[Dataset records]
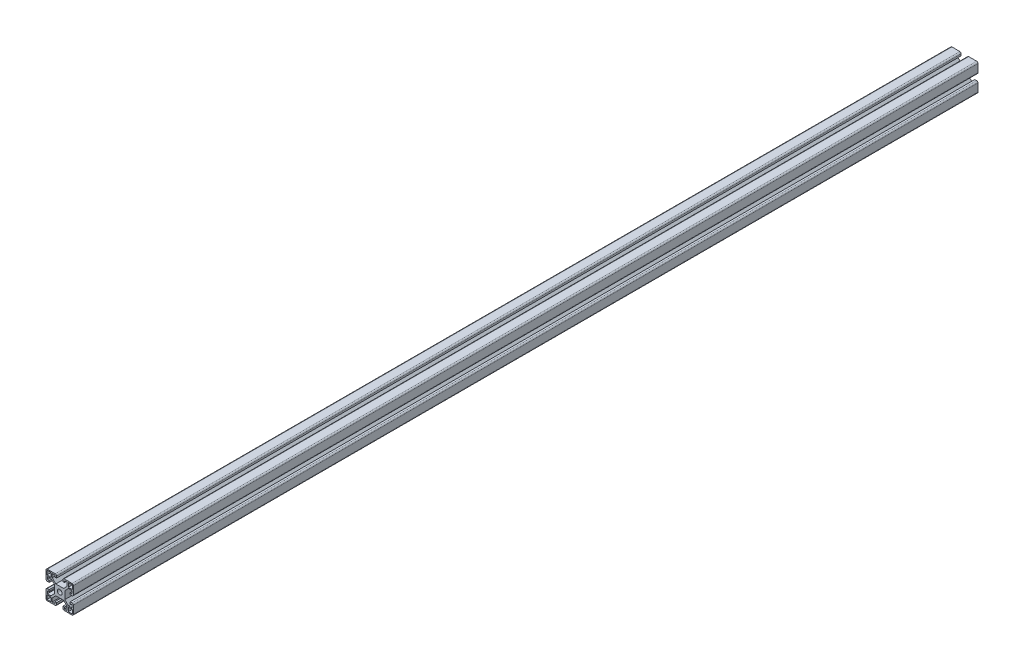
from build123d import *

# Parameters (mm, degrees)
CROQUIS1_W              = 40
CROQUIS1_H              = 40
SALIENTE_EXTRUIR1_DEPTH = 1320
CROQUIS2_W              = 6
CROQUIS2_H              = 6
CROQUIS2_R              = 3.5
CORTAR_EXTRUIR2_DEPTH   = 1320
REDONDEO1_R             = 2
REDONDEO2_R             = 2


with BuildPart() as part:
    # Croquis1 → Saliente-Extruir1 (new body)
    with BuildSketch(Plane.XY):
        Rectangle(CROQUIS1_W, CROQUIS1_H)
    extrude(amount=SALIENTE_EXTRUIR1_DEPTH)

    # Croquis2 → Cortar-Extruir2 (cut)
    with BuildSketch(Plane.XY.offset(1320)):
        with Locations((-15.5, 15.5)):
            Rectangle(CROQUIS2_W, CROQUIS2_H)
        Polygon((4.5, 15.5), (4.5, 20), (-4.5, 20), (-4.5, 15.5), (-7, 15.5), (-7, 18), (-11, 18), (-11, 12.767766953), (-5.733637236, 7.501404189), (5.733637236, 7.501404189), (11, 12.767766953), (11, 18), (7, 18), (7, 15.5), align=None)
        with Locations((15.5, 15.5)):
            Rectangle(CROQUIS2_W, CROQUIS2_H)
        Polygon((15.367588592, -4.5), (20, -4.5), (20, 4.5), (15.367588592, 4.5), (15.367588592, 7), (17.867588592, 7), (17.867588592, 11), (12.767766953, 11), (7.501349817, 5.733582864), (7.501349817, -5.733582864), (12.767766953, -11), (17.867588592, -11), (17.867588592, -7), (15.367588592, -7), align=None)
        Polygon((-20, 4.5), (-20, -4.5), (-15.367588592, -4.5), (-15.367588592, -7), (-17.867588592, -7), (-17.867588592, -11), (-12.767766953, -11), (-7.501349817, -5.733582864), (-7.501349817, 5.733582864), (-12.767766953, 11), (-17.867588592, 11), (-17.867588592, 7), (-15.367588592, 7), (-15.367588592, 4.5), align=None)
        Circle(CROQUIS2_R)
        Polygon((11, -12.767766953), (5.733637236, -7.501404189), (-5.733637236, -7.501404189), (-11, -12.767766953), (-11, -18), (-7, -18), (-7, -15.5), (-4.5, -15.5), (-4.5, -20), (4.5, -20), (4.5, -15.5), (7, -15.5), (7, -18), (11, -18), align=None)
        with Locations((-15.5, -15.5)):
            Rectangle(CROQUIS2_W, CROQUIS2_H)
        with Locations((15.5, -15.5)):
            Rectangle(CROQUIS2_W, CROQUIS2_H)
    extrude(amount=-CORTAR_EXTRUIR2_DEPTH, mode=Mode.SUBTRACT)

    # Redondeo1
    redondeo1_edges = [part.edges().sort_by_distance(p)[0] for p in [
        (20, -20, 660),
        (-20, -20, 660),
        (-20, 20, 660),
        (20, 20, 660),
    ]]
    fillet(redondeo1_edges, radius=REDONDEO1_R)

    # Redondeo2
    redondeo2_edges = [part.edges().sort_by_distance(p)[0] for p in [
        (4.5, 20, 660),
        (-4.5, 20, 660),
        (20, -4.5, 660),
        (20, 4.5, 660),
        (-20, 4.5, 660),
        (-20, -4.5, 660),
        (-4.5, -20, 660),
        (4.5, -20, 660),
    ]]
    fillet(redondeo2_edges, radius=REDONDEO2_R)


solid = part.part

§ **AIM OF THE TASK**
Repeat the records verbatim, excluding pictures.

§ **SOLUTION TO THE PROBLEM**
from build123d import *

# Parameters (mm, degrees)
CROQUIS1_W              = 40
CROQUIS1_H              = 40
SALIENTE_EXTRUIR1_DEPTH = 1320
CROQUIS2_W              = 6
CROQUIS2_H              = 6
CROQUIS2_R              = 3.5
CORTAR_EXTRUIR2_DEPTH   = 1320
REDONDEO1_R             = 2
REDONDEO2_R             = 2


with BuildPart() as part:
    # Croquis1 → Saliente-Extruir1 (new body)
    with BuildSketch(Plane.XY):
        Rectangle(CROQUIS1_W, CROQUIS1_H)
    extrude(amount=SALIENTE_EXTRUIR1_DEPTH)

    # Croquis2 → Cortar-Extruir2 (cut)
    with BuildSketch(Plane.XY.offset(1320)):
        with Locations((-15.5, 15.5)):
            Rectangle(CROQUIS2_W, CROQUIS2_H)
        Polygon((4.5, 15.5), (4.5, 20), (-4.5, 20), (-4.5, 15.5), (-7, 15.5), (-7, 18), (-11, 18), (-11, 12.767766953), (-5.733637236, 7.501404189), (5.733637236, 7.501404189), (11, 12.767766953), (11, 18), (7, 18), (7, 15.5), align=None)
        with Locations((15.5, 15.5)):
            Rectangle(CROQUIS2_W, CROQUIS2_H)
        Polygon((15.367588592, -4.5), (20, -4.5), (20, 4.5), (15.367588592, 4.5), (15.367588592, 7), (17.867588592, 7), (17.867588592, 11), (12.767766953, 11), (7.501349817, 5.733582864), (7.501349817, -5.733582864), (12.767766953, -11), (17.867588592, -11), (17.867588592, -7), (15.367588592, -7), align=None)
        Polygon((-20, 4.5), (-20, -4.5), (-15.367588592, -4.5), (-15.367588592, -7), (-17.867588592, -7), (-17.867588592, -11), (-12.767766953, -11), (-7.501349817, -5.733582864), (-7.501349817, 5.733582864), (-12.767766953, 11), (-17.867588592, 11), (-17.867588592, 7), (-15.367588592, 7), (-15.367588592, 4.5), align=None)
        Circle(CROQUIS2_R)
        Polygon((11, -12.767766953), (5.733637236, -7.501404189), (-5.733637236, -7.501404189), (-11, -12.767766953), (-11, -18), (-7, -18), (-7, -15.5), (-4.5, -15.5), (-4.5, -20), (4.5, -20), (4.5, -15.5), (7, -15.5), (7, -18), (11, -18), align=None)
        with Locations((-15.5, -15.5)):
            Rectangle(CROQUIS2_W, CROQUIS2_H)
        with Locations((15.5, -15.5)):
            Rectangle(CROQUIS2_W, CROQUIS2_H)
    extrude(amount=-CORTAR_EXTRUIR2_DEPTH, mode=Mode.SUBTRACT)

    # Redondeo1
    redondeo1_edges = [part.edges().sort_by_distance(p)[0] for p in [
        (20, -20, 660),
        (-20, -20, 660),
        (-20, 20, 660),
        (20, 20, 660),
    ]]
    fillet(redondeo1_edges, radius=REDONDEO1_R)

    # Redondeo2
    redondeo2_edges = [part.edges().sort_by_distance(p)[0] for p in [
        (4.5, 20, 660),
        (-4.5, 20, 660),
        (20, -4.5, 660),
        (20, 4.5, 660),
        (-20, 4.5, 660),
        (-20, -4.5, 660),
        (-4.5, -20, 660),
        (4.5, -20, 660),
    ]]
    fillet(redondeo2_edges, radius=REDONDEO2_R)


solid = part.part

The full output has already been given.